Te hizo vibrar en cuanto lo conociste. Te hizo grande y poderosa. Una diosa infranqueable que esquivaba mil espadas. Te elevó al cielo y, como morada, construyó un templo exclusivo para ti. Además de fuerte, te hacía sentir viva. Sus ojos desprendían fuego cada vez que te miraban, su aliento buscaba la forma de mezclarse con el tuyo y sus brazos te envolvían hasta haceros invisibles.
Te dibujó un nuevo mundo ajustado a tu medida. Te hizo volar con la mente, saborear lo prohibido, descubrir y descubrirte.
Con él creabas magia, juntos eráis la magia.
Pero un día sin más se desmoronó tu templo, tu fuego se hizo ceniza y tu corazón, añicos. Se disipó tu grandeza y te volviste diminuta.

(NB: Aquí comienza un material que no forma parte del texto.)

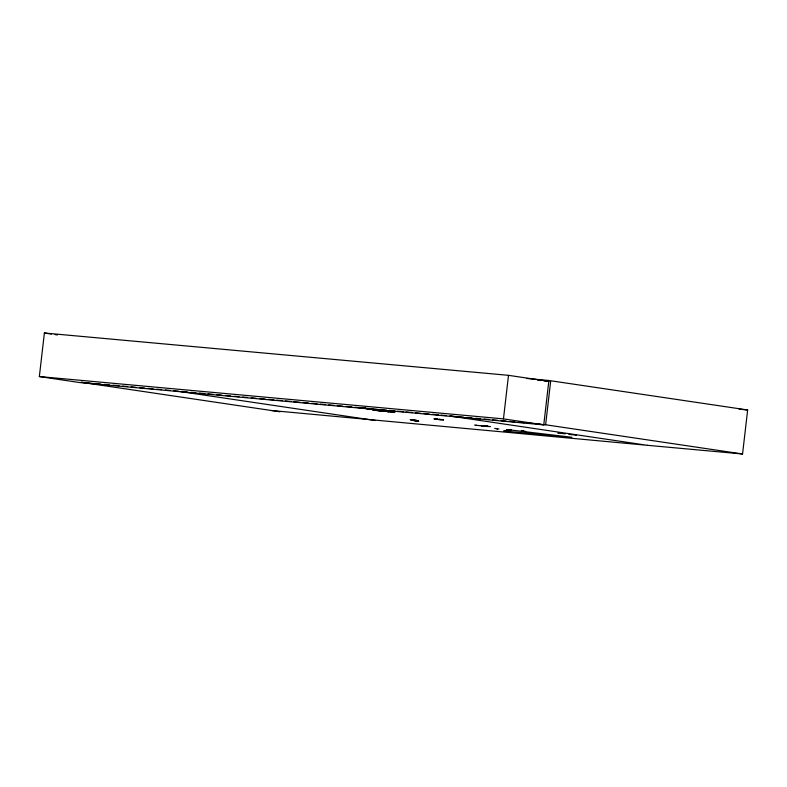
<?xml version="1.0" encoding="UTF-8"?>
<svg xmlns="http://www.w3.org/2000/svg" width="787" height="787" viewBox="0 0 787 787"><rect width="100%" height="100%" fill="white"/><g stroke="black" fill="none" stroke-linecap="round" stroke-linejoin="round"><path stroke-width="1.18" d="M411.188 419.953L417.966 420.819M417.7 420.701L410.322 419.628M412.299 420.366L418.812 421.202L411.473 420.091M526.965 378.488L548.893 380.495L543.758 424.862L79.654 382.541L39.35 376.56L44.387 333.009L508.5 375.33L548.795 381.311L543.925 380.859M436.342 419.176C435.359 417.986 440.179 420.75 441.271 419.638M543.758 424.862L503.464 418.881L508.5 375.33M550.634 381.488L545.637 424.675L543.965 424.518M647.475 445.314L742.554 453.991L747.65 409.978L548.893 380.495M416.785 420.396L410.312 419.727M482.205 425.816L488.363 426.505M483.356 426.17L488.314 426.534L483.336 426.072M358.39 407.587L362.669 408.227M438.202 419.432L433.922 418.822L438.428 419.432M494.698 428.413L498.948 429.013M476.952 425.472L474.62 424.99M558.377 433.017L557.894 433.165L558.681 433.007M569.345 434.444L569.867 434.385L569.031 434.473M367.785 408.807L363.653 408.01M382.108 411.267L372.812 409.978L373.402 410.037M374.061 409.811L374.632 409.978M374.159 410.106L374.642 410.066M375.005 409.84L375.674 409.968M375.448 409.958L375.989 409.997L363.604 408.099M377.16 410.184L388.926 411.768M393.333 412.29L385.65 411.158M385.423 411.139L394.897 412.447M388.394 411.719L366.703 408.709M509.651 429.879L503.788 430.981L508.815 429.8M565.351 433.804L558.593 433.145M575.907 435.28L576.458 435.103M487.606 426.298L485.176 426.19M490.547 426.672L484.389 425.895M365.109 408.355L365.827 408.433M497.492 428.856L496.794 428.777L497.335 428.826M522.794 431.148L523.414 431.217M569.758 434.463L576.389 435.152M365.739 408.423L361.42 408.03M414.513 420.376L413.736 420.11M414.66 420.553L415.329 420.779M415.585 420.809L414.867 420.563M475.919 425.265L481.969 425.905M537.836 380.308L540.276 380.534M739.121 409.201L747.65 409.978M39.35 376.56L503.464 418.881M81.12 382.275L83.727 382.521M87.229 382.836L92.246 383.299M95.768 383.613L100.775 384.076M104.435 384.41L109.304 384.853M112.954 385.187L119.044 385.738M122.615 386.063L127.573 386.525M131.154 386.84L136.102 387.302M139.692 387.617L144.631 388.08M148.231 388.404L153.15 388.857M156.81 389.181L161.66 389.624M165.339 389.958L170.199 390.401M173.868 390.745L178.738 391.188M181.649 391.473L187.276 391.965M190.936 392.3L195.815 392.743M199.475 393.077L204.827 393.589M208.014 393.854L213.366 394.366M216.553 394.631L221.904 395.143M225.564 395.477L230.443 395.93M234.103 396.264L238.982 396.707M242.642 397.042L247.521 397.484M251.181 397.819L256.05 398.261M259.71 398.596L265.347 399.078M268.249 399.373L273.886 399.865M276.788 400.15L282.425 400.642M285.327 400.927L290.964 401.419M293.866 401.704L299.965 402.265M303.162 402.531L308.504 403.042M311.701 403.308L317.043 403.82M320.24 404.085L325.582 404.597M328.779 404.862L334.121 405.384M337.318 405.639L342.66 406.161M346.319 406.495L351.956 406.977M354.858 407.272L360.495 407.755M363.397 408.05L369.034 408.532M371.936 408.827L377.573 409.319M380.475 409.604L386.574 410.165M389.014 410.381L395.113 410.942M397.553 411.158L403.652 411.719M406.092 411.945L412.191 412.496M415.388 412.762L420.73 413.273M423.927 413.539L429.269 414.051M432.466 414.316L438.566 414.877M441.005 415.093L446.347 415.615M450.007 415.949L454.886 416.392M458.536 416.726L463.435 417.169M467.065 417.503L471.974 417.946M475.584 418.281L480.513 418.733M484.113 419.058L489.052 419.51M492.642 419.835L497.6 420.288M501.171 420.612L506.139 421.065M509.691 421.389L514.678 421.852M518.338 422.186L524.309 422.717M526.887 422.963L532.986 423.514M536.498 423.829L541.525 424.301M439.421 419.323L443.484 419.904M443.415 419.943L439.146 419.314M511.206 430.017L506.464 429.594M525.46 431.522L521.496 430.902M511.442 430.036L506.464 429.584M271.328 410.499L647.544 445.324L449.997 416.018M483.513 426.131L481.467 425.718M483.169 426.131L481.231 425.688M44.387 333.009L51.499 334.072M55.06 334.593L57.431 334.947M543.797 424.498L742.554 453.991M521.289 430.853L525.736 431.542M373.264 409.938L382.266 411.198M505.893 431.246L505.057 431.128L571.844 437.267L508.156 429.712M180.39 391.572L375.527 420.524M81.287 382.295L280.044 411.788M485.756 426.397L486.415 426.475"/></g></svg>
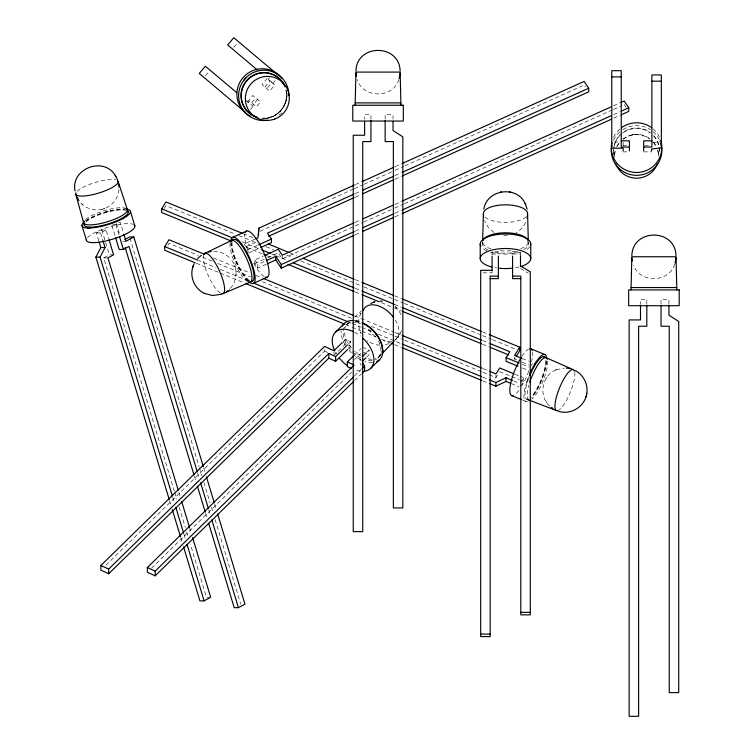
<?xml version="1.0" encoding="UTF-8"?>
<svg xmlns="http://www.w3.org/2000/svg" width="754" height="754" viewBox="0 0 754 754"><rect width="100%" height="100%" fill="white"/><g stroke="black" fill="none" stroke-linecap="round" stroke-linejoin="round"><path stroke-width="0.57" stroke-dasharray="3.77 2.83" d="M230.404 288.245C237.764 280.394 237.925 267.152 230.79 259.112M482.588 244.051L482.645 241.714M614.491 155.126L615.377 150.103M235.936 275.973L235.993 275.248M236.002 275.087L236.059 274.352M546.386 361.788C544.614 374.983 539.751 387.075 531.41 397.726M118.944 189.499C118.378 197.887 112.572 205.625 104.665 208.481M381.675 351.336L381.477 352.486M526.697 382.165L527.847 378.828M398.857 79.538C393.173 98.708 362.91 98.708 357.226 79.538M674.745 264.202C669.194 282.863 639.967 283.579 633.501 265.21M401.448 330.817L398.951 335.662L394.945 340.082M361.043 313.117C357.754 319.366 357.811 327.189 361.1 333.428L360.421 332.005M525.726 222.477L522.06 228.236L516.151 232.986M616.527 147.087L619.731 142.129M360.648 313.9L360.978 313.24M555.886 369.941C541.721 375.577 538.243 396.463 549.902 406.349M399.573 334.701L400.148 333.711M545.981 378.706L546.32 378.159M164.089 208.585L165.927 205.635L234.503 233.787M167.756 245.361L168.981 243.401L198.311 255.436M482.946 372.259L495.981 377.613L499.063 372.646M516.735 359.969L514.577 359.083L515.717 357.255M520.675 382.58L523.644 377.801L520.383 376.463M530.628 366.585L532.899 362.919L529.666 361.59M520.675 386.265L523.644 381.486L523.644 377.801M546.631 377.688L546.989 377.179M269.527 77.785L268.273 79.575L274.767 85.042L269.678 91.083L261.987 84.608L267.284 78.331L272.062 82.356L266.775 88.642M273.052 83.609L275.559 80.028M398.046 336.897L398.951 335.662M205.39 75.881L208.783 71.856M233.797 47.361L237.19 43.336M247.538 101.762L252.835 95.475L260.516 101.95L256.445 106.785L249.442 100.885L247.981 102.629M251.666 102.761L255.738 97.926M264.89 87.059L269.979 81.017M257.614 99.509L252.326 105.786L244.852 99.49M250.564 109.264L254.23 104.919M377.697 358.178L381.024 354.719M395.219 339.95L396.793 338.31M105.918 565.246L324.578 351.091L324.578 348.753M343.07 341.788L345.558 339.357L350.77 341.741L350.77 346.435L348.376 348.772M333.965 355.388L337.283 352.146M338.103 351.336L342.241 347.283M343.07 346.472L345.558 344.041L345.558 339.357M348.376 344.078L350.77 341.741M354.531 354.917L360.912 348.668M354.531 359.611L360.912 353.362M366.585 352.476L369.017 350.092L363.437 347.537M366.585 357.17L369.017 354.785L369.017 350.092M151.554 568.139L351.609 372.212M354.521 375.907L361.251 369.319M354.521 380.6L361.251 374.012M229.15 289.517L229.8 288.895M346.265 324.889L347.943 323.343M354.644 317.17L361.336 310.997M622.615 139.273L629.505 135.484M85.852 220.913C97.323 213.542 110.744 209.489 124.391 209.216M98.793 240.809L96.408 232.939L101.856 229.961L106.069 229.961L108.689 238.613M96.408 232.939L100.631 232.939L106.069 229.961M112.704 224.607L115.871 224.607L120.216 222.223L123.609 233.41M174.363 491.297L103.722 257.925L109.377 254.824L112.544 254.824M348.405 323.042L349.356 322.486A22.846 14.006 45.6 0 0 344.983 327.867M355.445 184.589L360.817 182.166M395.171 166.662L401.618 163.759M259.894 231.29L353.296 189.15M354.371 188.67L362.966 184.796M364.041 184.306L394.097 170.753M395.171 170.263L403.767 166.389M404.832 165.908L584.143 85.014L585.443 86.964M355.304 193.533L360.657 191.12M394.917 175.663L401.345 172.77M255.842 238.698L244.126 243.985L247.925 249.678L247.925 253.278M355.304 197.133L360.657 194.72M394.917 179.263L401.345 176.37M246.256 246.624L255.842 242.298M247.925 249.678L257.557 245.333M248.999 252.788L259.696 247.962M266.275 264.249L257.802 268.066L254.767 263.514L254.767 259.923L263.325 256.058M254.767 263.514L266.53 258.207M267.604 257.727L278.301 252.901L282.25 258.82L362.646 222.553M257.802 268.066L257.802 264.475L265.219 261.129M355.143 222.336L360.506 219.914M394.804 204.447L401.241 201.544M613.483 105.796L619.92 102.893M363.72 222.062L393.739 208.528M394.804 208.038L403.381 204.174M404.455 203.693L612.408 109.877M613.483 109.387L622.059 105.522M355.275 231.158L360.638 228.745M394.955 213.259L401.392 210.357M613.747 114.561L620.184 111.658M355.275 234.758L360.638 232.336M394.955 216.86L401.392 213.957M613.747 118.161L620.184 115.258M556.386 369.724L564.501 368.018M555.566 370.082L556.678 369.601M388.989 343.692L383.418 345.144M101.941 209.31L104.269 208.622M103.901 208.764L105.023 208.349M528.394 400.006L528.545 399.922M630.306 135.23L632.568 134.693M629.307 135.55L630.476 135.183M104.844 212.27L108.303 211.308M102.346 209.216C94.222 211.365 85.051 208.349 79.792 201.789M633.181 134.589C639.269 133.618 645.726 135.362 650.495 139.273M632.352 134.73L633.351 134.561M265.813 118.246C277.811 117.501 287.934 105.485 286.624 93.534M652.644 142.695L660.259 141.809M507.47 235.634L503.493 235.634M634.953 134.391L635.528 134.353M614.039 141.969L619.722 141.969M623.134 145.663L629.449 145.663M644.793 145.663L650.429 145.663M623.134 151.874L629.449 151.874M643.662 151.874L651.56 151.874M122.808 241.242L125.975 241.242M495.218 251.487L498.375 251.487L498.375 255.012M515.972 251.487L512.588 251.487L512.588 255.012M492.06 254.004L498.375 254.004M512.588 254.004L520.486 254.004M103.722 257.925L107.945 257.925M482.965 272.844L492.06 272.844L492.06 271.167M210.658 597.281L206.436 597.281L190.404 544.294M213.768 251.355C220.319 251.252 226.813 254.277 230.978 259.338M637.413 134.353L638.167 134.391M379.827 345.294L374.587 344.446L368.414 341.581M355.502 321.666L360.535 322.901M528.997 399.959L528.808 399.988A22.846 6.004 -67.7 0 1 528.808 385.36M526.726 399.186L528.856 400.006M243.212 233.674L253.005 237.698M290.017 252.882L296.548 255.568M355.332 279.696L360.78 281.93M394.521 295.775L401.053 298.461M482.692 331.967L488.14 334.201M238.858 235.568L256.275 242.722M266.068 246.737L273.693 249.866M286.756 255.229L292.194 257.463M300.903 261.035L362.957 286.501M364.041 286.954L403.23 303.033M404.323 303.485L481.608 335.2M482.692 335.653L491.401 339.225M492.494 339.668L516.443 349.498M242.157 241.864L260.658 249.461M271.534 253.919L274.795 255.267M275.889 255.71L286.765 260.177M355.304 288.301L360.742 290.535M394.474 304.38L400.996 307.057M482.598 340.554L489.129 343.23M522.126 358.499L528.592 361.147M246.511 247.34L262.826 254.032M267.18 255.823L270.441 257.161M355.304 291.987L360.742 294.22M381.42 302.703L400.996 310.742M482.598 344.229L489.129 346.915M522.126 362.184L528.592 364.832M522.428 364.371L528.969 367.057M522.428 368.056L528.969 370.742M514.935 374.229L519.289 376.02M499.685 371.656L510.571 376.123M511.664 376.576L519.289 379.705M520.383 380.148L523.644 381.486M513.578 380.864L518.997 383.089M213.514 257.991L249.367 272.712M255.889 275.38L262.401 278.056M354.748 315.964L393.861 332.014M394.945 332.457L401.467 335.134M482.946 368.574L488.375 370.808M511.41 383.654L518.997 386.774M202.656 257.218L212.43 261.233M217.868 263.466L250.46 276.841M262.401 281.742L351.487 318.311M355.831 320.092L361.27 322.316M371.043 326.331L393.861 335.7M394.945 336.143L403.635 339.705M404.728 340.158L481.853 371.816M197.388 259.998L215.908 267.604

Descendiste de tu altar, tornaste tus virtudes invisibles a tus ojos y dejaste escapar tu esencia, que huyó a volar perdida. Cometiste el gran fallo de olvidar quién eras, de creerte frágil, de abrirle tu puerta al miedo.
No obstante, la verdadera fortaleza no flota sobre nubes de algodón. Se es fuerte ante a lo adverso, cuando el viento sopla en contra, cuando hay dolor, en lo oscuro.
Le echaste garra y usaste el fondo para impulsarte y fue entonces cuando te diste cuenta de que quién había cambiado no eras tú, sino su forma de verte. Tu error fue convertir su realidad en la tuya, mirar a través de sus ojos, que no te veían igual, y latir con su corazón, que no amaba como antes. Que él no viera tu belleza no la convertía en nula. Él no podía quererte, pero tú sí.
Enmendaste tu fallo, creciste, amaste, venciste. Y tu esencia volvió a ti, al lugar del que nunca debería haber huido.